Only lines containing the word "ezdxf" belong in the answer; copy each one from the records.

===============

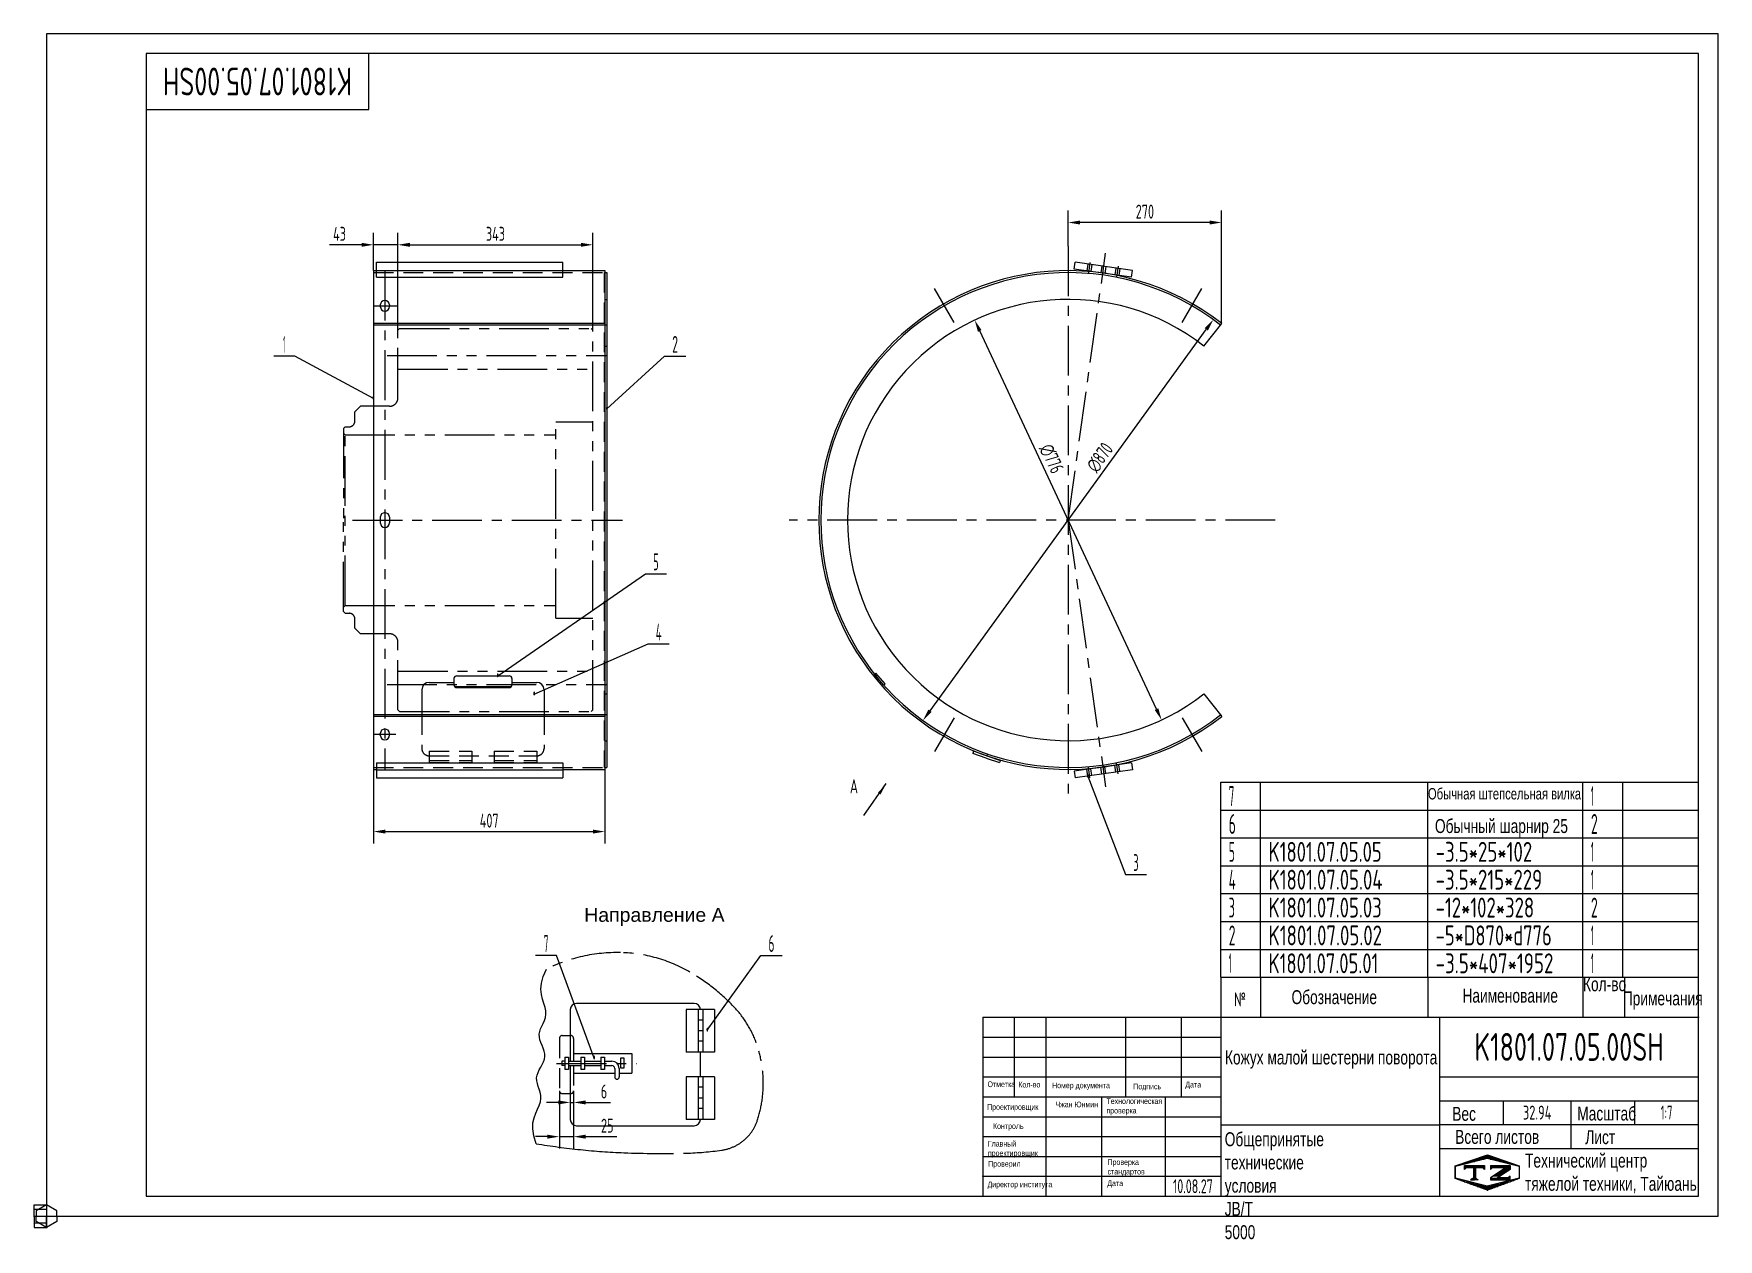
# Model space of a CAD drawing. Header units: millimetres. Extents: x -23 to 2940, y -41 to 2079.
import ezdxf
from ezdxf.enums import TextEntityAlignment as Align

# ---------------------------------------------------------------- set-up
doc = ezdxf.new("R2010")
doc.units = ezdxf.units.MM
doc.header["$LTSCALE"] = 70
for name, pattern in [('F', [0.75, 0.5, -0.25]), ('G', [2, 1.25, -0.25, 0.25, -0.25]), ('K', [2.5, 1.25, -0.25, 0.25, -0.25, 0.25, -0.25])]:
    doc.linetypes.add(name, pattern=pattern)
for name, color, linetype in [('01', 7, 'Continuous'), ('02', 1, 'Continuous'), ('04', 2, 'F'), ('05', 4, 'G'), ('07', 6, 'K'), ('08', 1, 'Continuous'), ('11', 3, 'Continuous'), ('THICK', 7, 'Continuous')]:
    doc.layers.add(name, color=color, linetype=linetype)
doc.styles.get("Standard").update_dxf_attribs({"font": 'isocp', "width": 0.707, "bigfont": 'intecad.shx'})
doc.dimstyles.new('INTE', dxfattribs={"dimscale": 7, "dimtxt": 3.5, "dimasz": 3, "dimexe": 3, "dimexo": 0, "dimgap": 1, "dimtad": 1, "dimdec": 3, "dimdsep": 46, "dimtxsty": 'Standard', "dimcen": 0, "dimclrd": 1, "dimclre": 1, "dimclrt": 3, "dimadec": 0, "dimazin": 0, "dimtfac": 1, "dimtdec": 3, "dimtmove": 0, "dimatfit": 0, "dimfxl": 1, "dimarcsym": 0})

# ---------------------------------------------------------------- blocks, each defined once
blk = doc.blocks.new('*U71')
at = {"layer": '01'}
for p, q in [((0, 19.8), (-18, 9.4)), ((-18, 9.4), (-18, 0)), ((-18, -9.4), (-18, 0)), ((18, 9.4), (0, 19.8)), ((18, 0), (18, 9.4)), ((18, 0), (18, -9.4)), ((0, -19.8), (-18, -9.4)), ((18, -9.4), (0, -19.8))]:
    blk.add_line(p, q, dxfattribs=at)
at = {"layer": '05'}
for p, q in [((-19.7, 0), (20.5, 0)), ((0, 21.3), (0, -21))]:
    blk.add_line(p, q, dxfattribs=at)
blk = doc.blocks.new('*U72')
at = {"layer": '01'}
for p, q in [((-21.5, 0), (-21.5, 19.8)), ((-21.5, 19.8), (0, 19.8)), ((-21.5, 12), (0, 12)), ((0, 19.8), (0, 0)), ((0, -19.8), (0, 0)), ((-21.5, 0), (-21.5, -19.8)), ((-21.5, -12), (0, -12)), ((-21.5, -19.8), (0, -19.8))]:
    blk.add_line(p, q, dxfattribs=at)
at = {"layer": '05'}
blk.add_line((-22.6, 0), (1.1, 0), dxfattribs=at)
blk = doc.blocks.new('*D77')
at = {"layer": '08', "color": 1, "lineweight": -2}
for p, q in [((575, 785.4), (575, 655.1)), ((982, 785.4), (982, 655.1)), ((596, 676.1), (961, 676.1))]:
    blk.add_line(p, q, dxfattribs=at)
at = {"layer": '08', "color": 1}
for points in [[(596, 679.6), (596, 672.6), (575, 676.1)], [(961, 679.6), (961, 672.6), (982, 676.1)]]:
    blk.add_solid(points, dxfattribs=at)
at = {"layer": 'Defpoints', "color": 0}
for p in [(575, 785.4), (982, 785.4), (982, 676.1)]:
    blk.add_point(p, dxfattribs=at)
at = {"layer": '08', "color": 3, "insert": (778.5, 695.3), "char_height": 24.5, "attachment_point": 5}
blk.add_mtext('407', dxfattribs=at)
blk = doc.blocks.new('*D78')
at = {"layer": '08', "color": 1, "lineweight": -2}
for p, q in [((1796.6, 1705.3), (1796.6, 1768)), ((2066.6, 1569.4), (2066.6, 1768)), ((2045.6, 1747), (1817.6, 1747))]:
    blk.add_line(p, q, dxfattribs=at)
at = {"layer": '08', "color": 1}
for points in [[(1817.6, 1750.5), (1817.6, 1743.5), (1796.6, 1747)], [(2045.6, 1750.5), (2045.6, 1743.5), (2066.6, 1747)]]:
    blk.add_solid(points, dxfattribs=at)
at = {"layer": 'Defpoints', "color": 0}
for p in [(1796.6, 1747), (1796.6, 1705.3), (2066.6, 1569.4)]:
    blk.add_point(p, dxfattribs=at)
at = {"layer": '08', "color": 3, "insert": (1931.6, 1766.2), "char_height": 24.5, "attachment_point": 5}
blk.add_mtext('270', dxfattribs=at)
blk = doc.blocks.new('*D79')
at = {"layer": '08', "color": 1, "lineweight": -2}
blk.add_line((1553.7, 888.6), (2039.5, 1559.1), dxfattribs=at)
at = {"layer": '08', "color": 1}
for points in [[(2036.7, 1561.2), (2042.4, 1557), (2051.9, 1576.1)], [(1550.8, 890.7), (1556.5, 886.6), (1541.4, 871.6)]]:
    blk.add_solid(points, dxfattribs=at)
at = {"layer": 'Defpoints', "color": 0}
for p in [(2051.9, 1576.1), (1541.4, 871.6)]:
    blk.add_point(p, dxfattribs=at)
at = {"layer": '08', "color": 3, "insert": (1852.5, 1333.8), "char_height": 24.5, "attachment_point": 5, "rotation": 54.0701}
blk.add_mtext('∅870', dxfattribs=at)
blk = doc.blocks.new('*D80')
at = {"layer": '08', "color": 1, "lineweight": -2}
blk.add_line((1952, 891.4), (1641.2, 1556.3), dxfattribs=at)
at = {"layer": '08', "color": 1}
for points in [[(1644.4, 1557.8), (1638, 1554.8), (1632.3, 1575.4)], [(1955.2, 892.9), (1948.9, 889.9), (1960.9, 872.4)]]:
    blk.add_solid(points, dxfattribs=at)
at = {"layer": 'Defpoints', "color": 0}
for p in [(1632.3, 1575.4), (1960.9, 872.4)]:
    blk.add_point(p, dxfattribs=at)
at = {"layer": '08', "color": 3, "insert": (1767.4, 1331.7), "char_height": 24.5, "attachment_point": 5, "rotation": 295.0573}
blk.add_mtext('∅776', dxfattribs=at)
blk = doc.blocks.new('*D81')
at = {"layer": '08', "color": 1, "lineweight": -2}
for p, q in [((921, 215.5), (921, 178.9)), ((927, 220.5), (927, 178.9)), ((900, 199.9), (879, 199.9)), ((921, 199.9), (927, 199.9)), ((948, 199.9), (991.8, 199.9))]:
    blk.add_line(p, q, dxfattribs=at)
at = {"layer": '08', "color": 1}
for points in [[(900, 203.4), (900, 196.4), (921, 199.9)], [(948, 203.4), (948, 196.4), (927, 199.9)]]:
    blk.add_solid(points, dxfattribs=at)
at = {"layer": 'Defpoints', "color": 0}
for p in [(921, 215.5), (927, 220.5), (927, 199.9)]:
    blk.add_point(p, dxfattribs=at)
at = {"layer": '08', "color": 3, "insert": (980.4, 219.2), "char_height": 24.5, "attachment_point": 5}
blk.add_mtext('6', dxfattribs=at)
blk = doc.blocks.new('*D82')
at = {"layer": '08', "color": 1, "lineweight": -2}
for p, q in [((902, 220.5), (902, 118.7)), ((927, 220.5), (927, 118.7)), ((881, 139.7), (860, 139.7)), ((902, 139.7), (927, 139.7)), ((948, 139.7), (1003.2, 139.7))]:
    blk.add_line(p, q, dxfattribs=at)
at = {"layer": '08', "color": 1}
for points in [[(881, 143.2), (881, 136.2), (902, 139.7)], [(948, 143.2), (948, 136.2), (927, 139.7)]]:
    blk.add_solid(points, dxfattribs=at)
at = {"layer": 'Defpoints', "color": 0}
for p in [(902, 220.5), (927, 220.5), (927, 139.7)]:
    blk.add_point(p, dxfattribs=at)
at = {"layer": '08', "color": 3, "insert": (986.1, 159), "char_height": 24.5, "attachment_point": 5}
blk.add_mtext('25', dxfattribs=at)
blk = doc.blocks.new('00')
at = {"layer": '07', "color": 6, "linetype": 'K'}
for p, q in [((-502.3, 1415.2), (-499.3, 1418.2)), ((-502.3, 1296.5), (-502.3, 1415.2)), ((-499.3, 1418.2), (-162.4, 1418.2)), ((-159.4, 1415.2), (-162.4, 1418.2)), ((-159.4, 747.8), (-159.4, 1415.2)), ((-521.5, 1370.5), (-135.4, 1370.5)), ((-502.3, 1346.9), (-159.4, 1346.9)), ((-578.1, 1271.5), (-568.1, 1281.5)), ((-517.3, 1281.5), (-568.1, 1281.5)), ((-595.1, 1245.5), (-598.1, 1242.5)), ((-595.1, 1245.5), (-588.1, 1245.5)), ((-578.1, 1255.5), (-578.1, 1271.5)), ((-224.4, 908.7), (-224.4, 1254.2)), ((-224.4, 1254.2), (-159.4, 1254.2)), ((-598.1, 1242.5), (-598.1, 1081.5)), ((-598.1, 1234.5), (-595.1, 1231.5)), ((-595.1, 1231.5), (-224.4, 1231.5)), ((-595.1, 931.5), (-595.1, 1231.5)), ((-598.1, 920.5), (-598.1, 1081.5)), ((-598.1, 928.5), (-595.1, 931.5)), ((-595.1, 917.5), (-598.1, 920.5)), ((-595.1, 931.5), (-224.4, 931.5)), ((-595.1, 917.5), (-588.1, 917.5)), ((-578.1, 891.5), (-578.1, 907.5)), ((-578.1, 891.5), (-568.1, 881.5)), ((-224.4, 908.7), (-159.4, 908.7)), ((-517.3, 881.5), (-568.1, 881.5)), ((-502.3, 747.8), (-502.3, 866.5)), ((-502.3, 816), (-159.4, 816)), ((-521.5, 792.5), (-135.4, 792.5)), ((-502.3, 747.8), (-499.3, 744.8)), ((-499.3, 744.8), (-162.4, 744.8)), ((-159.4, 747.8), (-162.4, 744.8)), ((-159.4, 747.8), (-162.4, 744.8))]:
    blk.add_line(p, q, dxfattribs=at)
for centre, radius, start, end in [((-517.3, 1296.5), 15, 270, 0), ((-588.1, 1255.5), 10, 270, 0), ((-588.1, 1255.5), 10, 270, 0), ((-588.1, 907.5), 10, 0, 90), ((-517.3, 866.5), 15, 0, 90)]:
    blk.add_arc(centre, radius, start, end, dxfattribs=at)
blk = doc.blocks.new('*D84')
at = {"layer": '08', "color": 1, "lineweight": -2}
for p, q in [((575, 1662.4), (575, 1728.8)), ((618, 1557.5), (618, 1728.8)), ((554, 1707.8), (497.5, 1707.8)), ((618, 1707.8), (575, 1707.8)), ((639, 1707.8), (660, 1707.8))]:
    blk.add_line(p, q, dxfattribs=at)
at = {"layer": '08', "color": 1}
for points in [[(554, 1711.3), (554, 1704.3), (575, 1707.8)], [(639, 1711.3), (639, 1704.3), (618, 1707.8)]]:
    blk.add_solid(points, dxfattribs=at)
at = {"layer": 'Defpoints', "color": 0}
for p in [(575, 1707.8), (575, 1662.4), (618, 1557.5)]:
    blk.add_point(p, dxfattribs=at)
at = {"layer": '08', "color": 3, "insert": (515.3, 1727.1), "char_height": 24.5, "attachment_point": 5}
blk.add_mtext('43', dxfattribs=at)
blk = doc.blocks.new('*D85')
at = {"layer": '08', "color": 1, "lineweight": -2}
for p, q in [((618, 1559), (618, 1728.8)), ((960.9, 1557.5), (960.9, 1728.8)), ((639, 1707.8), (939.9, 1707.8))]:
    blk.add_line(p, q, dxfattribs=at)
at = {"layer": '08', "color": 1}
for points in [[(639, 1711.3), (639, 1704.3), (618, 1707.8)], [(939.9, 1711.3), (939.9, 1704.3), (960.9, 1707.8)]]:
    blk.add_solid(points, dxfattribs=at)
at = {"layer": 'Defpoints', "color": 0}
for p in [(960.9, 1707.8), (618, 1559), (960.9, 1557.5)]:
    blk.add_point(p, dxfattribs=at)
at = {"layer": '08', "color": 3, "insert": (789.5, 1727.1), "char_height": 24.5, "attachment_point": 5}
blk.add_mtext('343', dxfattribs=at)
blk = doc.blocks.new('*U98', base_point=(251.96, 168.31))
at = {"layer": '01'}
for p, q in [((251.96, 168.31), (251.96, 182.31)), ((195.96, 168.31), (251.96, 168.31))]:
    blk.add_line(p, q, dxfattribs=at)
blk = doc.blocks.new('*U99')
at = {"layer": '04'}
blk.add_blockref('*U98', (0, 0), dxfattribs=at)
blk = doc.blocks.new('*U100')
at = {"layer": '01'}
for points in [[(415, 292), (25, 292)], [(25, 292), (25, 5)], [(415, 5), (415, 292)], [(25, 5), (415, 5)]]:
    blk.add_lwpolyline(points, dxfattribs=at)
at = {"layer": '02'}
for points in [[(420, 297), (0, 297)], [(0, 297), (0, 0)], [(420, 0), (420, 297)], [(0, 0), (420, 0)]]:
    blk.add_lwpolyline(points, dxfattribs=at)
blk = doc.blocks.new('*U103')
at = {"layer": '01'}
for p, q in [((0, -49), (0, 0)), ((840, -49), (840, 0))]:
    blk.add_line(p, q, dxfattribs=at)
at = {"layer": '02'}
for p, q in [((0, 0), (70, 0)), ((70, -49), (70, 0)), ((70, 0), (364, 0)), ((364, -49), (364, 0)), ((364, 0), (637, 0)), ((637, -49), (637, 0)), ((637, 0), (707, 0)), ((707, -49), (707, 0)), ((707, 0), (840, 0))]:
    blk.add_line(p, q, dxfattribs=at)
blk = doc.blocks.new('*U104')
at = {"layer": '01'}
for p, q in [((0, -49), (0, 0)), ((840, -49), (840, 0))]:
    blk.add_line(p, q, dxfattribs=at)
at = {"layer": '02'}
for p, q in [((0, 0), (70, 0)), ((70, -49), (70, 0)), ((70, 0), (364, 0)), ((364, -49), (364, 0)), ((364, 0), (637, 0)), ((637, -49), (637, 0)), ((637, 0), (707, 0)), ((707, -49), (707, 0)), ((707, 0), (840, 0))]:
    blk.add_line(p, q, dxfattribs=at)
blk = doc.blocks.new('*U105')
at = {"layer": '01'}
for p, q in [((0, -49), (0, 0)), ((840, -49), (840, 0))]:
    blk.add_line(p, q, dxfattribs=at)
at = {"layer": '02'}
for p, q in [((0, 0), (70, 0)), ((70, -49), (70, 0)), ((70, 0), (364, 0)), ((364, -49), (364, 0)), ((364, 0), (637, 0)), ((637, -49), (637, 0)), ((637, 0), (707, 0)), ((707, -49), (707, 0)), ((707, 0), (840, 0))]:
    blk.add_line(p, q, dxfattribs=at)
blk = doc.blocks.new('*U106')
at = {"layer": '01'}
for p, q in [((0, -49), (0, 0)), ((840, -49), (840, 0))]:
    blk.add_line(p, q, dxfattribs=at)
at = {"layer": '02'}
for p, q in [((0, 0), (70, 0)), ((70, -49), (70, 0)), ((70, 0), (364, 0)), ((364, -49), (364, 0)), ((364, 0), (637, 0)), ((637, -49), (637, 0)), ((637, 0), (707, 0)), ((707, -49), (707, 0)), ((707, 0), (840, 0))]:
    blk.add_line(p, q, dxfattribs=at)
blk = doc.blocks.new('*U107')
at = {"layer": '01'}
for p, q in [((0, -49), (0, 0)), ((840, -49), (840, 0))]:
    blk.add_line(p, q, dxfattribs=at)
at = {"layer": '02'}
for p, q in [((0, 0), (70, 0)), ((70, -49), (70, 0)), ((70, 0), (364, 0)), ((364, -49), (364, 0)), ((364, 0), (637, 0)), ((637, -49), (637, 0)), ((637, 0), (707, 0)), ((707, -49), (707, 0)), ((707, 0), (840, 0))]:
    blk.add_line(p, q, dxfattribs=at)
blk = doc.blocks.new('*U108')
at = {"layer": '01'}
for p, q in [((0, -49), (0, 0)), ((840, -49), (840, 0))]:
    blk.add_line(p, q, dxfattribs=at)
at = {"layer": '02'}
for p, q in [((0, 0), (70, 0)), ((70, -49), (70, 0)), ((70, 0), (364, 0)), ((364, -49), (364, 0)), ((364, 0), (637, 0)), ((637, -49), (637, 0)), ((637, 0), (707, 0)), ((707, -49), (707, 0)), ((707, 0), (840, 0))]:
    blk.add_line(p, q, dxfattribs=at)
blk = doc.blocks.new('*U109')
at = {"layer": '01'}
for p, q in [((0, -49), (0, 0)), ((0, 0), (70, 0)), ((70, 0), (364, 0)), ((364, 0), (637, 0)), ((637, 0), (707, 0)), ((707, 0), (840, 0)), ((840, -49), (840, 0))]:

===============

* WRITTEN RESPONSE *
import ezdxf
from ezdxf.enums import TextEntityAlignment as Align
doc = ezdxf.new("R2010")
doc.units = ezdxf.units.MM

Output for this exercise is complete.